In May 2026, a Puzzle game UA team faced a situation their manual tagging process could not handle. Competitor creative volume jumped 135.9 percent in one month from 154,002 to 363,307. Manual tagging required three full-time analysts working one week. The new creative volume was 3 to 5 times beyond human processing limits.
This is not an isolated case. Strategy category creatives grew 138.1 percent. Casual 172.9 percent. Entertainment 228 percent. Creative volume across all categories is exploding while UA team headcount stays flat.

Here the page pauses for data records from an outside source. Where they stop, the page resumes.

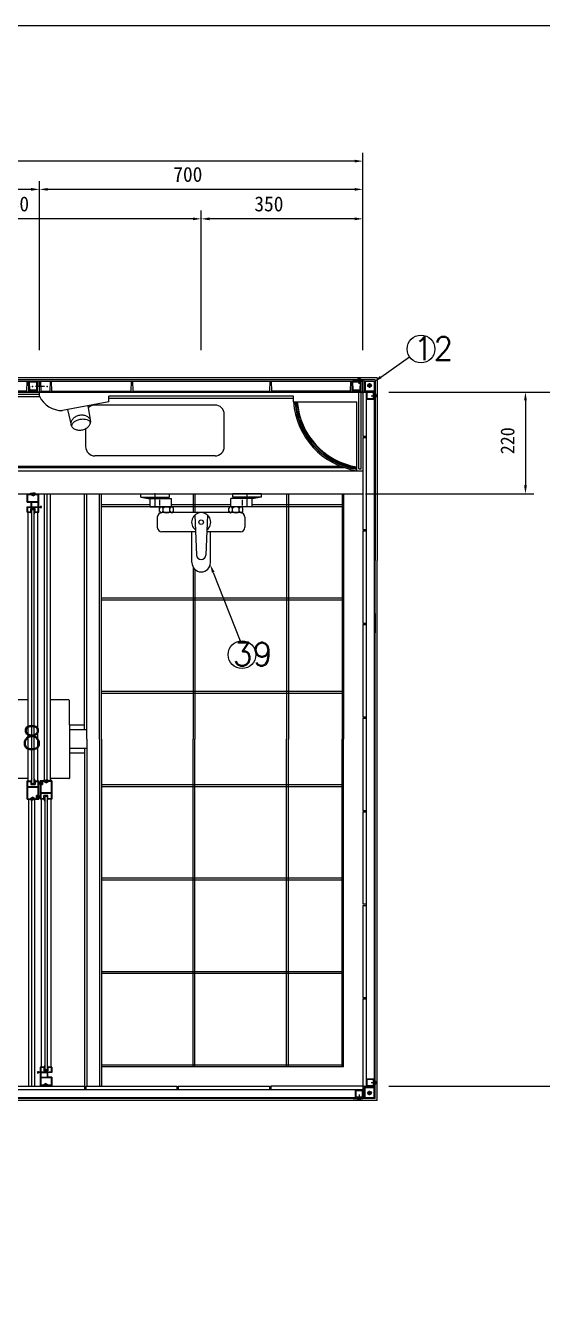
# Model space of a CAD drawing. Header units: inches. Extents: x -1249499 to 290957, y -589671 to 1013543.
# Drawn here: x -871088 to -869970, y 305047 to 307814 of the extents above; entities that cross this region are included whole.
import ezdxf

# ---------------------------------------------------------------- set-up
doc = ezdxf.new("R2010")
doc.units = ezdxf.units.IN
doc.header["$MEASUREMENT"] = 0
doc.linetypes.add('CENTER', pattern=[2, 1.25, -0.25, 0.25, -0.25])
doc.layers.add('DIM', color=1, linetype='Continuous')
doc.layers.add('PARTLIST', color=6, linetype='Continuous')
doc.styles.add('HSG', font='SIMPLEX', dxfattribs={"width": 0.75, "bigfont": 'HSG2'})
doc.styles.get("Standard").update_dxf_attribs({"font": 'DotumChe.ttf'})

# ---------------------------------------------------------------- blocks, each defined once
blk = doc.blocks.new('PYEOUN-T')
at = {"color": 4}
blk.add_line((-11, 0), (8.7, 0), dxfattribs=at)
for p in [(-17, 0), (14.7, 0)]:
    blk.add_point(p, dxfattribs=at)
blk = doc.blocks.new('*X1194')
at = {"color": 0}
for p, q in [((5033.1, 3732.1), (5039.8, 3738.7)), ((5034.3, 3736.7), (5040.7, 3743.1)), ((5035.2, 3741.2), (5041.3, 3747.3)), ((5036, 3745.5), (5041.9, 3751.4)), ((5036.6, 3749.7), (5042.3, 3755.4)), ((5037.1, 3753.7), (5042.7, 3759.3)), ((5037.5, 3757.7), (5039.5, 3759.6)), ((5023, 3704.2), (5032.5, 3713.8)), ((5025.9, 3710.7), (5034.5, 3719.3)), ((5028.2, 3716.5), (5036.2, 3724.5)), ((5030.2, 3722), (5037.6, 3729.5)), ((5031.8, 3727.2), (5038.8, 3734.2)), ((4969.6, 3636.7), (5018.1, 3685.2)), ((5005.9, 3676.6), (5023.3, 3693.9)), ((5014.2, 3688.4), (5027.1, 3701.3)), ((5019.3, 3697), (5030.1, 3707.8)), ((4981.6, 3645.1), (5009.7, 3673.3)), ((4930.3, 3618.6), (4938.3, 3626.6)), ((4935.5, 3620.3), (4944.2, 3628.9)), ((4941, 3622.3), (4950.6, 3631.8)), ((4947, 3624.7), (4957.8, 3635.6)), ((4953.5, 3627.7), (4966.4, 3640.6)), ((4960.9, 3631.5), (4978.2, 3648.9)), ((4908.7, 3614.7), (4913.6, 3619.6)), ((4908.7, 3618.2), (4909.3, 3618.8)), ((4911.7, 3614.2), (4918.1, 3620.5)), ((4916.1, 3615), (4922.7, 3621.7)), ((4920.6, 3616), (4927.6, 3623)), ((4925.3, 3617.2), (4932.8, 3624.6))]:
    blk.add_line(p, q, dxfattribs=at)

msp = doc.modelspace()

# ---------------------------------------------------------------- linework, layer by layer
at = {"layer": 'DIM'}
msp.add_lwpolyline([(-873198.2, 307814.5), (-866025.2, 307814.5), (-866025.2, 302152.1), (-873198.2, 302152.1)], close=True, dxfattribs=at)
at = {"layer": 'PARTLIST', "color": 4, "linetype": 'Continuous'}
for p, q in [((-870358.4, 307112.1), (-870358.4, 307539.2)), ((-870376.4, 307521.2), (-872445.4, 307521.2)), ((-871058.4, 307112.1), (-871058.4, 307478.1)), ((-870358.4, 307112.1), (-870358.4, 307478.1)), ((-871076.4, 307460.1), (-871645.2, 307460.1)), ((-870376.4, 307460.1), (-871040.4, 307460.1)), ((-870726.4, 307396.3), (-871440.4, 307396.3)), ((-870708.4, 307112.1), (-870708.4, 307414.3)), ((-870376.4, 307396.3), (-870690.4, 307396.3)), ((-870358.4, 307112.1), (-870358.4, 307414.3)), ((-870302.5, 307021.4), (-869915.7, 307021.4)), ((-870302.5, 307021.4), (-869833.7, 307021.4)), ((-870297.1, 307021.4), (-869988.7, 307021.4)), ((-870006.7, 307003.4), (-870006.7, 306819.4)), ((-870353, 306801.4), (-869988.7, 306801.4)), ((-870302.5, 305519.4), (-869915.7, 305519.4)), ((-870302.5, 305519.4), (-869833.7, 305519.4))]:
    msp.add_line(p, q, dxfattribs=at)
at = {"layer": 'PARTLIST'}
for p, q in [((-871065.3, 307052.4), (-872494.2, 307052.4)), ((-871065.3, 307047.9), (-872489.7, 307047.9)), ((-871663.2, 307045.4), (-871058.4, 307045.4)), ((-871085.4, 307023.4), (-871084.7, 307045.4)), ((-871081.4, 307023.4), (-871082.2, 307045.4)), ((-871079.5, 307025.4), (-871080.1, 307043.4)), ((-871080.1, 307043.4), (-871063.7, 307043.4)), ((-870327.4, 307052.4), (-871065.3, 307052.4)), ((-870331.9, 307047.9), (-871065.3, 307047.9)), ((-871064.4, 307025.4), (-871063.7, 307043.4)), ((-871062.4, 307023.4), (-871061.7, 307045.4)), ((-871058.4, 307045.4), (-870358.4, 307045.4)), ((-871058.4, 307021.4), (-871058.4, 307045.4)), ((-871054.4, 307023.4), (-871055.2, 307045.4)), ((-871054.4, 307023.4), (-871055.2, 307045.4)), ((-871035.4, 307023.4), (-871034.7, 307045.4)), ((-871031.4, 307023.4), (-871032.2, 307045.4)), ((-870859.9, 307045.4), (-870860.4, 307023.4)), ((-870857, 307045.4), (-870856.4, 307023.4)), ((-870559.9, 307045.4), (-870560.4, 307023.4)), ((-870557, 307045.4), (-870556.4, 307023.4)), ((-870385.4, 307023.4), (-870384.9, 307045.4)), ((-870381.4, 307023.4), (-870382, 307045.4)), ((-870379.5, 307025.4), (-870380.1, 307043.4)), ((-870380.1, 307043.4), (-870363.7, 307043.4)), ((-870379.4, 307047.9), (-870379.4, 307045.4)), ((-870379.4, 307047.9), (-870358.4, 307047.9)), ((-870358.4, 307045.4), (-870379.4, 307045.4)), ((-870362.4, 307048.9), (-870370.4, 307048.9)), ((-870366.4, 307039.5), (-870366.4, 307051.9)), ((-870364.4, 307025.4), (-870363.7, 307043.4)), ((-870362.4, 307023.4), (-870361.9, 307045.4)), ((-870358.4, 307021.4), (-870358.4, 307045.4)), ((-870358.4, 307021.4), (-870358.4, 307045.4)), ((-870355.9, 307045.4), (-870355.9, 307023.9)), ((-870353.9, 307045.4), (-870353.9, 307023.9)), ((-870353.9, 307045.4), (-870334.4, 307045.4)), ((-870348.9, 307035.9), (-870338.9, 307035.9)), ((-870345.9, 307036.2), (-870344.2, 307036.2)), ((-870345.9, 307035.6), (-870344.2, 307035.6)), ((-870344.2, 307037.9), (-870344.2, 307036.2)), ((-870344.2, 307035.6), (-870344.2, 307034)), ((-870343.9, 307040.9), (-870343.9, 307030.9)), ((-870343.6, 307037.9), (-870343.6, 307036.2)), ((-870343.6, 307036.2), (-870342, 307036.2)), ((-870343.6, 307035.6), (-870343.6, 307034)), ((-870343.6, 307035.6), (-870342, 307035.6)), ((-870334.4, 307045.4), (-870334.4, 307023.9)), ((-870331.9, 307047.9), (-870331.9, 306657.3)), ((-870327.4, 307052.4), (-870327.4, 306657.3)), ((-870334.4, 307021.4), (-872464.4, 307021.4)), ((-870362.2, 307021.4), (-872463.4, 307021.4)), ((-871047.6, 307021.4), (-872463.2, 307021.4)), ((-871047.6, 307021.4), (-872463.2, 307021.4)), ((-872462.4, 307021.4), (-870362.2, 307021.4)), ((-870367.6, 307021.4), (-872462.4, 307021.4)), ((-870950.8, 307021.4), (-872462.4, 307021.4)), ((-871058.4, 307016.4), (-871962.5, 307016.4)), ((-871058.4, 307011.4), (-871962.5, 307011.4)), ((-871085.4, 307023.4), (-871261.2, 307023.4)), ((-871062.4, 307023.4), (-871081.4, 307023.4)), ((-871064.4, 307025.4), (-871079.5, 307025.4)), ((-871058.4, 307021.4), (-870362.2, 307021.4)), ((-871058.4, 307012.4), (-871058.4, 307021.4)), ((-871054.4, 307023.4), (-871035.4, 307023.4)), ((-871054.4, 307023.4), (-871035.4, 307023.4)), ((-871031.4, 307023.4), (-870860.4, 307023.4)), ((-870508.4, 307012.4), (-870908.4, 307012.4)), ((-870908.4, 307000.4), (-870908.4, 307012.4)), ((-870508.4, 307007.4), (-870908.4, 307007.4)), ((-870856.4, 307023.4), (-870702.6, 307023.4)), ((-870706.4, 307023.4), (-870560.4, 307023.4)), ((-870385.4, 307023.4), (-870556.4, 307023.4)), ((-870508.4, 307000.4), (-870508.4, 307012.4)), ((-870362.4, 307023.4), (-870381.4, 307023.4)), ((-870364.4, 307025.4), (-870379.5, 307025.4)), ((-870367.6, 306855.2), (-870367.6, 307021.4)), ((-870362.2, 306855.2), (-870362.2, 307021.4)), ((-870356, 307021.4), (-870360.8, 307021.4)), ((-870358.4, 307021.4), (-870360.8, 307021.4)), ((-870360.8, 307021.4), (-870358.4, 307021.4)), ((-870360.8, 307021.4), (-870358.4, 307021.4)), ((-870358.4, 307021.4), (-870358.4, 307023.8)), ((-870358.4, 307021.4), (-870358.4, 306926.4)), ((-870358.4, 307021.4), (-870356, 307021.4)), ((-870358.4, 307021.4), (-870358.4, 307019)), ((-870358.4, 307019), (-870358.4, 307021.4)), ((-870358.4, 307021.4), (-870358.4, 307019)), ((-870358.4, 307021.4), (-870334.4, 307021.4)), ((-870358.4, 307021.4), (-870334.4, 307021.4)), ((-870355.9, 307023.9), (-870334.4, 307023.9)), ((-870351.4, 307021.4), (-870351.4, 305519.4)), ((-870350.4, 307005.4), (-870350.4, 307021.4)), ((-870349.2, 307006.6), (-870349.2, 307020.2)), ((-870335.6, 307020.2), (-870349.2, 307020.2)), ((-870335.6, 307006.6), (-870349.2, 307006.6)), ((-870340.3, 307013.4), (-870328, 307013.4)), ((-870335.6, 307006.6), (-870335.6, 307020.2)), ((-870334.4, 307021.4), (-870334.4, 305519.4)), ((-870331.9, 307021.4), (-870331.9, 307000.4)), ((-870330.9, 307017.4), (-870330.9, 307009.4)), ((-870908.4, 307000.4), (-871008.4, 306981.4)), ((-870997.4, 306983.5), (-870989.6, 306950.2)), ((-870953.7, 306991.8), (-870948.1, 306957.7)), ((-870678.4, 306993.4), (-870938.4, 306993.4)), ((-870508.4, 307000.4), (-870371.4, 307000.4)), ((-870371.4, 306851.4), (-870371.4, 307000.4)), ((-870334.4, 307005.4), (-870350.4, 307005.4)), ((-870334.4, 307000.4), (-870331.9, 307000.4)), ((-870658.4, 306903.4), (-870658.4, 306973.4)), ((-870358.4, 306926.4), (-870351.4, 306926.4)), ((-870358.4, 306923.4), (-870358.4, 306723.9)), ((-870358.4, 306923.4), (-870351.4, 306923.4)), ((-870678.4, 306883.4), (-870938.4, 306883.4)), ((-871171.5, 306861.4), (-870407.7, 306861.4)), ((-871171.5, 306858.4), (-870399.7, 306858.4)), ((-871171.5, 306851.4), (-870462.4, 306851.4)), ((-871171.5, 306851.4), (-870358.4, 306851.4)), ((-870371.4, 306851.4), (-870358.4, 306851.4)), ((-870367.6, 306855.2), (-870362.2, 306855.2)), ((-871183.6, 306801.4), (-870358.4, 306801.4)), ((-871084.9, 306801.4), (-871059.9, 306801.4)), ((-871084.9, 306783.4), (-871084.9, 306801.4)), ((-871083.7, 306800.2), (-871072.9, 306800.2)), ((-871083.7, 306784.6), (-871083.7, 306800.2)), ((-871077.4, 306801.4), (-871077.4, 306802.9)), ((-871077.4, 306802.9), (-871072.4, 306802.9)), ((-871072.9, 306797), (-871077.4, 306800.2)), ((-871076.4, 306800.2), (-871076.4, 306801.4)), ((-871072.9, 306797), (-871072.9, 306800.9)), ((-871072.9, 306800.9), (-871072.4, 306800.9)), ((-871067.4, 306802.9), (-871072.4, 306802.9)), ((-871071.9, 306800.9), (-871072.4, 306800.9)), ((-871071.9, 306797), (-871071.9, 306800.9)), ((-871071.9, 306800.2), (-871061.1, 306800.2)), ((-871071.9, 306797), (-871067.4, 306800.2)), ((-871068.4, 306800.2), (-871068.4, 306801.4)), ((-871067.4, 306801.4), (-871067.4, 306802.9)), ((-871061.1, 306784.6), (-871061.1, 306800.2)), ((-871059.9, 306773.4), (-871059.9, 306801.4)), ((-871058.4, 306801.4), (-870358.4, 306801.4)), ((-871047.4, 306181.9), (-871047.4, 306801.4)), ((-871041.4, 306181.9), (-871041.4, 306801.4)), ((-871034.4, 306181.9), (-871034.4, 306801.4)), ((-870839.1, 306801.4), (-870777.1, 306801.4)), ((-870839.1, 306794.4), (-870839.1, 306801.4)), ((-870839.1, 306794.4), (-870777.1, 306794.4)), ((-870839.1, 306794.4), (-870823.1, 306791.4)), ((-870823.1, 306791.4), (-870772.9, 306791.4)), ((-870818.6, 306773.4), (-870818.6, 306791.4)), ((-870797.6, 306776.4), (-870797.6, 306788.4)), ((-870777.1, 306794.4), (-870793.1, 306791.4)), ((-870777.1, 306794.4), (-870777.1, 306801.4)), ((-870772.9, 306773.4), (-870772.9, 306791.4)), ((-870593.8, 306791.4), (-870643.9, 306791.4)), ((-870643.9, 306773.4), (-870643.9, 306791.4)), ((-870577.8, 306801.4), (-870639.8, 306801.4)), ((-870639.8, 306794.4), (-870639.8, 306801.4)), ((-870577.8, 306794.4), (-870639.8, 306794.4)), ((-870639.8, 306794.4), (-870623.8, 306791.4)), ((-870619.3, 306776.4), (-870619.3, 306788.4)), ((-870598.3, 306773.4), (-870598.3, 306791.4)), ((-870577.8, 306794.4), (-870593.8, 306791.4)), ((-870577.8, 306794.4), (-870577.8, 306801.4)), ((-871084.9, 306783.4), (-871076.1, 306783.4)), ((-871084.9, 306773.4), (-871076.1, 306773.4)), ((-871084.9, 306761.4), (-871084.9, 306773.4)), ((-871084.9, 306761.4), (-871076.9, 306761.4)), ((-871083.7, 306784.6), (-871061.1, 306784.6)), ((-871083.7, 306772.2), (-871061.1, 306772.2)), ((-871083.7, 306762.6), (-871083.7, 306772.2)), ((-871083.7, 306762.6), (-871076.9, 306762.6)), ((-871082.9, 306180.4), (-871082.9, 306761.4)), ((-871076.9, 306761.4), (-871076.9, 306769.6)), ((-871076.9, 306769.6), (-871067.9, 306769.6)), ((-871074.9, 306757.1), (-871076.9, 306761.4)), ((-871076.1, 306773.4), (-871076.1, 306783.4)), ((-871074.9, 306783.4), (-871061.1, 306783.4)), ((-871074.9, 306773.4), (-871074.9, 306783.4)), ((-871074.9, 306773.4), (-871061.1, 306773.4)), ((-871074.9, 306174.3), (-871074.9, 306767.6)), ((-871074.9, 306767.6), (-871069.9, 306767.6)), ((-871069.9, 306174.3), (-871069.9, 306767.6)), ((-871069.9, 306757.1), (-871067.9, 306761.4)), ((-871067.9, 306761.4), (-871067.9, 306769.6)), ((-871067.9, 306762.6), (-871061.1, 306762.6)), ((-871067.9, 306761.4), (-871059.9, 306761.4)), ((-871061.9, 306180.4), (-871061.9, 306761.4)), ((-871061.1, 306773.4), (-871061.1, 306783.4)), ((-871061.1, 306762.6), (-871061.1, 306772.2)), ((-871059.9, 306773.4), (-871056.8, 306773.4)), ((-871059.9, 306772.2), (-871056.8, 306772.2)), ((-871059.9, 306761.4), (-871059.9, 306772.2)), ((-870818.6, 306773.4), (-870772.2, 306773.4)), ((-870798.4, 306763.4), (-870798.4, 306770.4)), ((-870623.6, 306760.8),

The AI Strategy Brain solves this gap: when humans cannot process creative volume, AI analyzes creative content itself, extracting structured insights from unstructured data.
From manual tagging to AI auto-labeling
AI auto-labeling works fundamentally differently. The system extracts selling points from creative content and matches them to tags automatically. When new creative elements appear, AI generates new tags. Analyzing 500-plus SEA creatives, the system automatically identified 5 hook types with precise frequencies. If a new hook type emerges next week, AI creates the tag without human intervention. At Google I/O 2026, Google launched Vertex AI for Marketing with ad creative analysis. Meta reported Advantage+ creatives now account for 35%+ of advertiser spend. As platforms accelerate AI creative features, the baseline for competitive creative intelligence keeps rising.
Strategic insight through Creative-as-Targeting
The AI Strategy Brain's core capability is not just tagging but understanding strategic relationships between creatives. Under Creative-as-Targeting, AI evaluates whether an advertiser consistently transmits content direction signals, surfacing strategy-level shifts invisible to volume-based tracking. A Western market analysis showed the Challenge Fail format grew from 25 to 40 percent of high-activity creatives in 3 weeks. This category-level strategy migration would require 2 to 3 weeks to discover manually. The AI surfaced it in days.
The AI dual-track model
For established teams with existing strategy frameworks, AI is analysis infrastructure replacing manual tagging and freeing analysts for strategic judgment. For teams without accumulated methodology, AI is experience outsourcing directly providing analytical frameworks and strategic recommendations. Both approaches work. The key is knowing which phase your team is in.